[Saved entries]
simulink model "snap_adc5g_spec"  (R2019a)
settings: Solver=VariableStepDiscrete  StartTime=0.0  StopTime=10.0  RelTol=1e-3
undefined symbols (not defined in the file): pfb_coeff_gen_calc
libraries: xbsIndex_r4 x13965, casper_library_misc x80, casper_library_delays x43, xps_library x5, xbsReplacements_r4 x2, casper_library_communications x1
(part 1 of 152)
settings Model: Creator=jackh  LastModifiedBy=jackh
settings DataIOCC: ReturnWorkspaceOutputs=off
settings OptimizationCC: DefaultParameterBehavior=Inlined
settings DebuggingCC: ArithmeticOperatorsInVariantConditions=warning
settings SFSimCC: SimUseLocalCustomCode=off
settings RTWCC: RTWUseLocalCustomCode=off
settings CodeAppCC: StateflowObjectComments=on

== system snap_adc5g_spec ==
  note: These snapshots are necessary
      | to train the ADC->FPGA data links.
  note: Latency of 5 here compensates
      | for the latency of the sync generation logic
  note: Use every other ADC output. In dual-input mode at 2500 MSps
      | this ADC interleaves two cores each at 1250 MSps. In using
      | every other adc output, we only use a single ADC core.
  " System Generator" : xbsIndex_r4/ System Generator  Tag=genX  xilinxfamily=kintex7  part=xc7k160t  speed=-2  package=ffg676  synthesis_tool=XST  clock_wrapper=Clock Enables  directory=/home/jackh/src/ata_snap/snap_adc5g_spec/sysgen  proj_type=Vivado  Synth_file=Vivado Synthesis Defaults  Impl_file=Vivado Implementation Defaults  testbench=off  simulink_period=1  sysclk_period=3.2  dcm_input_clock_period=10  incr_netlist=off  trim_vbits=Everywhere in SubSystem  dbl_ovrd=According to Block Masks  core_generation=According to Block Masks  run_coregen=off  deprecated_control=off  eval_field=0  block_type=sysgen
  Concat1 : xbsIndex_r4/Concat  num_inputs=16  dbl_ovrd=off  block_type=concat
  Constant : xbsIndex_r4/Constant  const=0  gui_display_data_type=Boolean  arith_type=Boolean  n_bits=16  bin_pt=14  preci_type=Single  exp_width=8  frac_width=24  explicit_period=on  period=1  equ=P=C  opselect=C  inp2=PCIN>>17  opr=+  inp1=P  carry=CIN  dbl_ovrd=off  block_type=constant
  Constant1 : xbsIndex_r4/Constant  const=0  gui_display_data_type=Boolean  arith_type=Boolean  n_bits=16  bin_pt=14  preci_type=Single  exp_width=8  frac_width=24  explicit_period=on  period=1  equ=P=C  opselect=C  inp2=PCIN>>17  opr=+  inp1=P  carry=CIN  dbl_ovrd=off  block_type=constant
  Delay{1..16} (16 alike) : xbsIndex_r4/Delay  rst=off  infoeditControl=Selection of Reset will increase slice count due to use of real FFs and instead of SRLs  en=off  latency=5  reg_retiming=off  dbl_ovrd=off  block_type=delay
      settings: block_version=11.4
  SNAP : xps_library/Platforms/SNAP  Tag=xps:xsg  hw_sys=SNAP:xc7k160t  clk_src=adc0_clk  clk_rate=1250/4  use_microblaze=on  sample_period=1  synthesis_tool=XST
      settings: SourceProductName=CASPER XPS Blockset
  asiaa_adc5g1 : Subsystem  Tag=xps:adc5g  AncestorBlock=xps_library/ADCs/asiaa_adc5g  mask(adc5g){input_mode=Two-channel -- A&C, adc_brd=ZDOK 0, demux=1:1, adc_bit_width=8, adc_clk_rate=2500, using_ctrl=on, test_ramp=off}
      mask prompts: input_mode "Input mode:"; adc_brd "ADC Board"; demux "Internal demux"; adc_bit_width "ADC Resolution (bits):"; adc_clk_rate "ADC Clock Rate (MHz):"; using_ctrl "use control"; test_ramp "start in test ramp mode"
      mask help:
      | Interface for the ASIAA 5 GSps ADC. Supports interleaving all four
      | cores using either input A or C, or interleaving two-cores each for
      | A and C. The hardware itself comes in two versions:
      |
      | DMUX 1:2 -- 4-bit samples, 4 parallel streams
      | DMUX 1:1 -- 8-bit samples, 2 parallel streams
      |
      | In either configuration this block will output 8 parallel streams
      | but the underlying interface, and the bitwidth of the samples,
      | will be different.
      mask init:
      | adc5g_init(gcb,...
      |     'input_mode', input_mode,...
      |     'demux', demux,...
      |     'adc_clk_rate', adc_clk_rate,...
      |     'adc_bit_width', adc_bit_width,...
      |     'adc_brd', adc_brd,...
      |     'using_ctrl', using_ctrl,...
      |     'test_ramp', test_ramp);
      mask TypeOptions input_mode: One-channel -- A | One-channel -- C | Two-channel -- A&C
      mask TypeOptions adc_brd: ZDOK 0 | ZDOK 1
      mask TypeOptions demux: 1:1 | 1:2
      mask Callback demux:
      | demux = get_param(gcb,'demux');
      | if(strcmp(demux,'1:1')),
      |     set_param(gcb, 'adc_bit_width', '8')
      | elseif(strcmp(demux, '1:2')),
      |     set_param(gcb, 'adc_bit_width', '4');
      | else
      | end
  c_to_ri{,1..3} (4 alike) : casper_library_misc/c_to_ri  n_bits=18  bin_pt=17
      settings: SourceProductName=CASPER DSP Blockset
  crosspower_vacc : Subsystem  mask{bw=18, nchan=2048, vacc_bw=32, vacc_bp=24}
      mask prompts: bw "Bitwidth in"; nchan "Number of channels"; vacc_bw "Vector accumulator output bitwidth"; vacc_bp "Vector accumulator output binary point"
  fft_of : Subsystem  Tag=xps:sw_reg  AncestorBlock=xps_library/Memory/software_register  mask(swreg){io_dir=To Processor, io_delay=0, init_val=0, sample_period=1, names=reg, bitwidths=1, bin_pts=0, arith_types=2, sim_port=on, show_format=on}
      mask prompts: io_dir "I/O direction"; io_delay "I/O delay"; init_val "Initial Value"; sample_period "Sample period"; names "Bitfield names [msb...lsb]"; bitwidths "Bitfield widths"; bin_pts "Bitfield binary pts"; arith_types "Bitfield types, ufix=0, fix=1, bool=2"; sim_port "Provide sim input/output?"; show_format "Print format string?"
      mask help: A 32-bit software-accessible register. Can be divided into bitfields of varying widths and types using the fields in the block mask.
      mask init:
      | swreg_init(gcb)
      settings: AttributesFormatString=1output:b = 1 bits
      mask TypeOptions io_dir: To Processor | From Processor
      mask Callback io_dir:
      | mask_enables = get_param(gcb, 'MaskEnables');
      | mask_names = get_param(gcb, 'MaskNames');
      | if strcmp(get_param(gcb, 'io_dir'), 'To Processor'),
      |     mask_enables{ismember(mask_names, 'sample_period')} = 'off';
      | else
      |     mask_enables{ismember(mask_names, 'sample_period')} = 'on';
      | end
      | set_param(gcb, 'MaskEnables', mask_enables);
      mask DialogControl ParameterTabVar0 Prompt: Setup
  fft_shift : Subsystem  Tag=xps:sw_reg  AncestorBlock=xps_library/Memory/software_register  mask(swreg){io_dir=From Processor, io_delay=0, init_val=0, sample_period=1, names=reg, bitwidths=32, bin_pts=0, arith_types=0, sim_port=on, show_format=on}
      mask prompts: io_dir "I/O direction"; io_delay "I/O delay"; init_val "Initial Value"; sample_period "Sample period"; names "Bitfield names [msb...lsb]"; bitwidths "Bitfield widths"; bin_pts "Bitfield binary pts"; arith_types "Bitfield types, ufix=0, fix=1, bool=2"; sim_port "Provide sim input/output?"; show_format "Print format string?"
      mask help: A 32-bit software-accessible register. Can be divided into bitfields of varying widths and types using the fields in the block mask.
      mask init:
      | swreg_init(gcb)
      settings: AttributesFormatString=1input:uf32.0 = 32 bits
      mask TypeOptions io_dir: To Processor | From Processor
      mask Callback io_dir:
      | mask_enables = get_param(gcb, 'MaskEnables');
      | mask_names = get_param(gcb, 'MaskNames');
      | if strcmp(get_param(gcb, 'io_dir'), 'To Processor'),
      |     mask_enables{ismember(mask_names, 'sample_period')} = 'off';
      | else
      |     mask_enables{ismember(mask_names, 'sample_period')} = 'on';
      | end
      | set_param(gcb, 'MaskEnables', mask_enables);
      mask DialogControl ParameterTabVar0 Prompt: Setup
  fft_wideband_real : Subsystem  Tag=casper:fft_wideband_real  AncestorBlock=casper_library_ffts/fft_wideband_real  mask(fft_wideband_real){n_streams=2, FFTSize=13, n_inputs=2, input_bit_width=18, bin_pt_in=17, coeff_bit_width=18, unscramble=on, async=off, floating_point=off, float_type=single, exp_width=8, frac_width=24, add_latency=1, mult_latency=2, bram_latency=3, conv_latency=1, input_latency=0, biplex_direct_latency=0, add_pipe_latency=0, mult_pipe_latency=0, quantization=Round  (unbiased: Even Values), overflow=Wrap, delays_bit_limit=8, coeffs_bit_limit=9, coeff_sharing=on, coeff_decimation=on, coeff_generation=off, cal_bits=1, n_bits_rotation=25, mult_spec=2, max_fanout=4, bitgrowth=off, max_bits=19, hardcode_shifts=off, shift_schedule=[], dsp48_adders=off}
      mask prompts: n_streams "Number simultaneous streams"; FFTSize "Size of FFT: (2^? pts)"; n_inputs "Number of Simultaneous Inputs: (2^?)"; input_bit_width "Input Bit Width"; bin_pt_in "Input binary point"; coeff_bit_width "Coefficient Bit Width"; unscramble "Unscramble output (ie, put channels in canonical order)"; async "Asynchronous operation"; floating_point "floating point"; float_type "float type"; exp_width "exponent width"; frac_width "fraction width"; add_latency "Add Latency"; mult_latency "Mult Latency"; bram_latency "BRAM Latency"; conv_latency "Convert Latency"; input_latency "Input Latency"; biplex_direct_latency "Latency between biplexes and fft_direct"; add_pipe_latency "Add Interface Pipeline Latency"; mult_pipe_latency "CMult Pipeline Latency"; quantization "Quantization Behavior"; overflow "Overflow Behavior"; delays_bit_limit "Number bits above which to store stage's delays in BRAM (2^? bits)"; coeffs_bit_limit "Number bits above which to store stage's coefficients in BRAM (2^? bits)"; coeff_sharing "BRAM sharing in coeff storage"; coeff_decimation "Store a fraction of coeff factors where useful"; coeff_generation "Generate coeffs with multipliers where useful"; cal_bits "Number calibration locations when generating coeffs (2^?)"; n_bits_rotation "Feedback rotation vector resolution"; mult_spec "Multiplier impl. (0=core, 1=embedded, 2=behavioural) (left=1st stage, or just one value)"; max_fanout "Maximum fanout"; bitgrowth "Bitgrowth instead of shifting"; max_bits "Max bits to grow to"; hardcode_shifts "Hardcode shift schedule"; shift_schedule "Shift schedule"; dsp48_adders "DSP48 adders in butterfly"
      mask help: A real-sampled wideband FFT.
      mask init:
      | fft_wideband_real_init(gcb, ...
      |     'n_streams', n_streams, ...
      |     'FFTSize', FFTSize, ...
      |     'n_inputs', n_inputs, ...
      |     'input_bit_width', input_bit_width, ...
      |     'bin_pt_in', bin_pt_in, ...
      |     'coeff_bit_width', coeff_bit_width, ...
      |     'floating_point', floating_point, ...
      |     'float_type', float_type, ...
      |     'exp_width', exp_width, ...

* [WHAT YOU HAVE TO DO]: Return every line of the entries above that the string "interleaving" appears in.

* [ANSWER BOX]:
      | Interface for the ASIAA 5 GSps ADC. Supports interleaving all four
      | cores using either input A or C, or interleaving two-cores each for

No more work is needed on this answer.